Menteri Dalam Negeri Tito Karnavian melaporkan bahwa sekitar 213 ribu rumah warga di Sumatra mengalami kerusakan akibat rangkaian bencana alam. Data tersebut bersifat dinamis dan didasarkan pada laporan terbaru dari Badan Nasional Penanggulangan Bencana (BNPB). Pernyataan ini disampaikan Mendagri saat melakukan kunjungan kerja di Aceh Tamiang pada Kamis, 1 Januari 2026.
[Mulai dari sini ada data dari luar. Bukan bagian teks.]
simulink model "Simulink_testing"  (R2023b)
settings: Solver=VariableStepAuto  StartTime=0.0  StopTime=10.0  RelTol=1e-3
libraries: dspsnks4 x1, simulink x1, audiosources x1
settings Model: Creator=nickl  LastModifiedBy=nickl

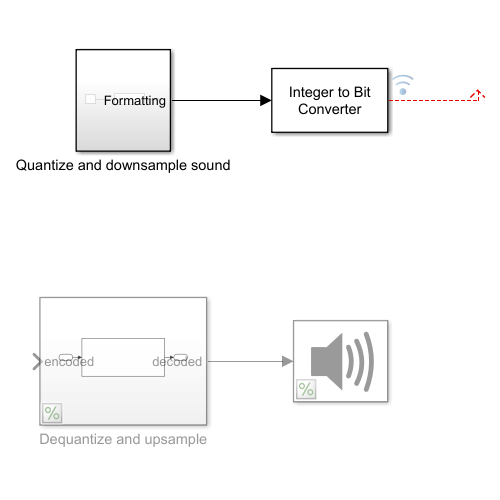
[thumbnail: Simulink's stored preview of the top-level diagram]
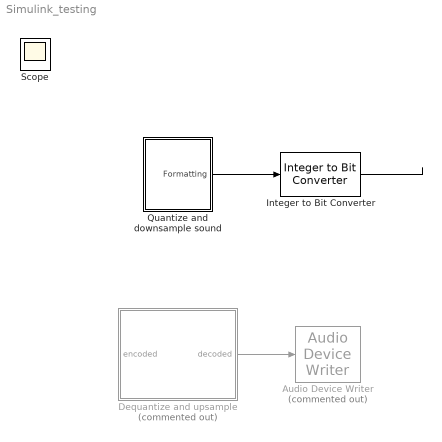
== system Simulink_testing ==
  Audio Device Writer : dspsnks4/Audio Device Writer  Commented=on  Driver=DirectSound  Device=Default  InheritSampleRate=on  SampleRate=44100  BitDepth=16-bit integer  BufferSize=4096  NumBuffers=10  DefaultOutputChannelMapping=on  OutputChannelMapping=1:2  OutputNumUnderrunSamples=off  DriverIdx=1  DeviceWarnFlag=''
  Dequantize and upsample : Subsystem  Commented=on
  Integer to Bit Converter : simulink/Logic and Bit Operations/Integer to Bit Converter  nbits=8  signedInputValues=Signed  bitOrder=MSB first  outDtype=Inherit via internal rule
      settings: LibrarySourceBlock=|
      | commutil2/Integer to Bit
      | Converter
  Quantize and downsample sound : Subsystem
  Scope : Scope
  wires:
  Quantize and downsample sound/1(Formatting) -> Integer to Bit Converter/1
  Dequantize and upsample/1(decoded) -> Audio Device Writer/1
  Integer to Bit Converter/1 -> ?

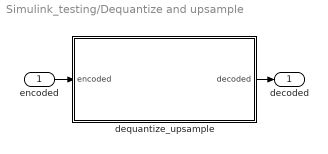
== system Simulink_testing/Dequantize and upsample ==
  encoded : Inport
  dequantize_upsample : MATLAB Function  TreatAsAtomicUnit=on
  decoded : Outport
  wires:
  encoded/1 -> dequantize_upsample/1(encoded)
  dequantize_upsample/1(decoded) -> decoded/1

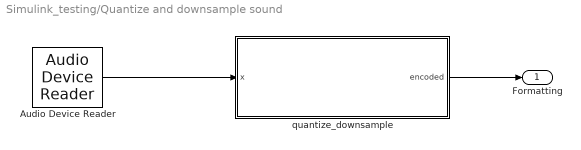
== system Simulink_testing/Quantize and downsample sound ==
  Audio Device Reader : audiosources/Audio Device Reader  Driver=DirectSound  Device=Microphone Array (AMD Audio Device)  SampleRate=44100  NumChannels=1  SamplesPerFrame=1024  BitDepth=16-bit integer  NumBuffers=10  DefaultInputChannelMapping=on  InputChannelMapping=1:2  OutputNumOverrunSamples=off  OutputDataType=double  DriverIdx=1  DeviceWarnFlag=''
  quantize_downsample : MATLAB Function  TreatAsAtomicUnit=on
  Formatting : Outport
  wires:
  quantize_downsample/1(encoded) -> Formatting/1
  Audio Device Reader/1 -> quantize_downsample/1(x)

== matlab function Simulink_testing/Dequantize and upsample/dequantize_upsample ==
  data: encoded input; decoded output size=[1024,1]
function decoded = dequantize_upsample(encoded)
    % Convert back to double in range [-1, 1]
    num_bits = 8;
    max_val = 2^(num_bits - 1) - 1;
    decoded = double(encoded) / max_val;

    % Upsample back to 44100 Hz
    fs_in = 8000;
    target_fs = 44100;
    
    % Check if encoded data is empty or has wrong size
    if isempty(decoded)
        error('Error: encoded input is empty.');
    end

    % Perform resampling
    decoded_resampled = resample(decoded, target_fs, fs_in);

    % Debugging: Display size of resampled output

    % Force exactly 1024 samples using interpolation
    decoded = decoded_resampled(1:1024);
    disp(decoded); 

end

== matlab function Simulink_testing/Quantize and downsample sound/quantize_downsample ==
  data: x input; encoded output
function encoded = quantize_downsample(x)
    if size(x,2) > 1
        x = mean(x,2); % Convert to mono
    end
    disp(x)
    % Define parameters
    num_bits = 8;
    target_fs = 8000;
    fs_in = 44100; % Set based on your input

    % Downsample from 44.1 kHz to 8 kHz
    x = resample(x, target_fs, fs_in);

    % Scale to integer range (quantization)
    max_val = 2^(num_bits - 1) - 1;
    x = round(x * max_val);
    
    % Convert to 8-bit integer
    encoded = int8(x);
    disp(size(encoded));
end

Pemerintah telah menyiapkan skema bantuan perbaikan berdasarkan tingkat kerusakan rumah. Untuk kategori rusak ringan akan diberikan bantuan sebesar Rp 15 juta, sementara rusak sedang akan menerima Rp 30 juta. Selain itu, Kementerian Sosial akan menambah bantuan sebesar Rp 3 juta untuk perlengkapan isi rumah dan Rp 5 juta untuk pemulihan ekonomi warga terdampak. Bagi warga yang rumahnya rusak berat atau hilang, pemerintah menyediakan opsi hunian sementara atau dana tunggu hunian.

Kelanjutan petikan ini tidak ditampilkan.